62nd of Season of Earth, 56th year of the 32nd cycle
Sect Master Blackfist handed Newt a small leather pouch he picked off a shelf. “Take these.”
Newt opened the pouch and found five grape-sized pills. “What are they?”
“First, you thank the person giving you a gift, then ask questions.” Blackfist rolled his eyes at the uncouth behavior, and Newt’s ears burned.
“Thank you. What are they?” he said with more than a hint of embarrassment.
“Spirit pills to increase your realm. As I mentioned before, I dabble in alchemy. Those five should push you from the initial second realm to the peak of the second realm. You must take them ten hours apart, and they require no effort or focus to internalize. Your spirit roots will handle everything.”
Newt was still annoyed with how easily Blackfist had inferred all his secrets, but at least he did not know about Magmin’s secret realm. There was no way to deduce its existence with simple logic. At least Newt hoped so.
“And if I don’t want to reach the peak?”
Blackfist eyed Newt carefully, looking for the hints why the youth would choose not to become more powerful and as soon as possible, but failed to find anything.
“Take three of them.” He shrugged. “They should push your cultivation to the ninth layer. Take the rest when you are ready.”
With that, they parted for the night. Newt consumed the first pill when he returned to his tavern. Heat spread from his stomach, flowing towards his heart and forehead as he shared dinner with Dahlia and persisted even after he returned to his room to meditate.
A storm raged in Newt’s realm. Lava erupted from the volcano, jumping hundreds of yards in the air, crystalline pinecones grew on Magmin Pines and fell like rain. The trees themselves seemed to dance in a haze of their own heat, and gusts of searing wind battered Newt’s form.
Cultivating and training were impossible given the circumstances, so he decided to sleep. He dreamed that the sect master had gone insane. In Newt’s nightmares, Blackfist kidnapped him, handling him as easily as a child, before chaining him onto a stone table and opening him up with a knife. Newt tried to summon his defenses, to reinforce his skin, and to fight back, to no avail. Blackfist had shackled him with the same chains his clan used to bind the two loyal elders.

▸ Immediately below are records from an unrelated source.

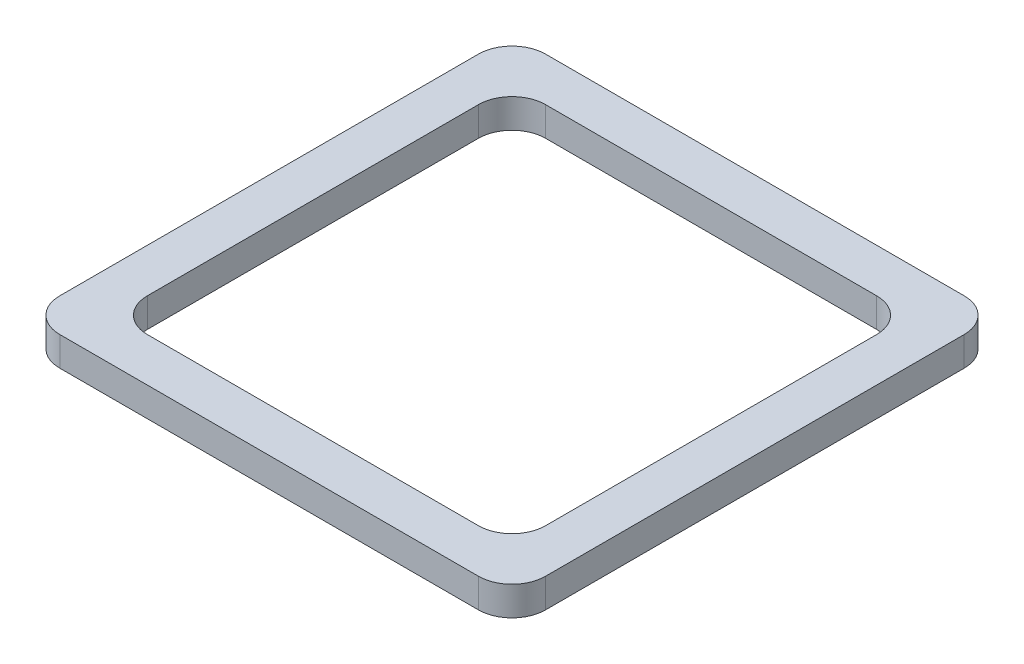
from build123d import *

# Parameters (mm, degrees)
SKETCH1_W           = 16.65
SKETCH1_H           = 16.65
BOSS_EXTRUDE1_DEPTH = 1
FILLET1_R           = 1.15


with BuildPart() as part:
    # Sketch1 → Boss-Extrude1 (new body)
    with BuildSketch(Plane(origin=(0, 0, 0), x_dir=(1, 0, 0), z_dir=(0, 1, 0))):
        Rectangle(SKETCH1_W, SKETCH1_H)
        with BuildLine():
            Line((5.675, -6.825), (-5.675, -6.825))
            ThreePointArc((-5.675, -6.825), (-6.488172798, -6.488172798), (-6.825, -5.675))
            Line((-6.825, -5.675), (-6.825, 5.675))
            ThreePointArc((-6.825, 5.675), (-6.488172798, 6.488172798), (-5.675, 6.825))
            Line((-5.675, 6.825), (5.675, 6.825))
            ThreePointArc((5.675, 6.825), (6.488172798, 6.488172798), (6.825, 5.675))
            Line((6.825, 5.675), (6.825, -5.675))
            ThreePointArc((6.825, -5.675), (6.488172798, -6.488172798), (5.675, -6.825))
        make_face(mode=Mode.SUBTRACT)
    extrude(amount=BOSS_EXTRUDE1_DEPTH)

    # Fillet1
    fillet1_edges = [part.edges().sort_by_distance(p)[0] for p in [
        (-8.325, 0.5, -8.325),
        (-8.325, 0.5, 8.325),
        (8.325, 0.5, 8.325),
        (8.325, 0.5, -8.325),
    ]]
    fillet(fillet1_edges, radius=FILLET1_R)


solid = part.part

Newt awoke screaming. He sat, the bed beneath him was wet, the blanket thrown aside. Faint, bloody light ominously entered through the window. Newt looked outside and saw that the black sky had turned violet.
“It was just a dream,” he assured himself and wiped his brow, still panting. But regardless of his half-hearted words, he was afraid of Blackfist. He was an unorthodox cultivator. He admitted he would kill his son and commoners who tested his patience. A man like that was not to be trusted.
But he already knows almost everything about me. He even knows how I should cultivate my realm better than I do.
Newt considered his problem, watching the sun rise without seeing it. He was still sitting in his bed when he had come to certain conclusions. The fearsome sect master was better learned, had greater experience, and was smarter than him.
Experience Newt would gather while exploring and traveling the world. Intelligence should also be a matter of time and cultivation, since Blackfist mentioned that Newt’s third eye should expand his mind as he grew. As for knowledge, the library was within reach.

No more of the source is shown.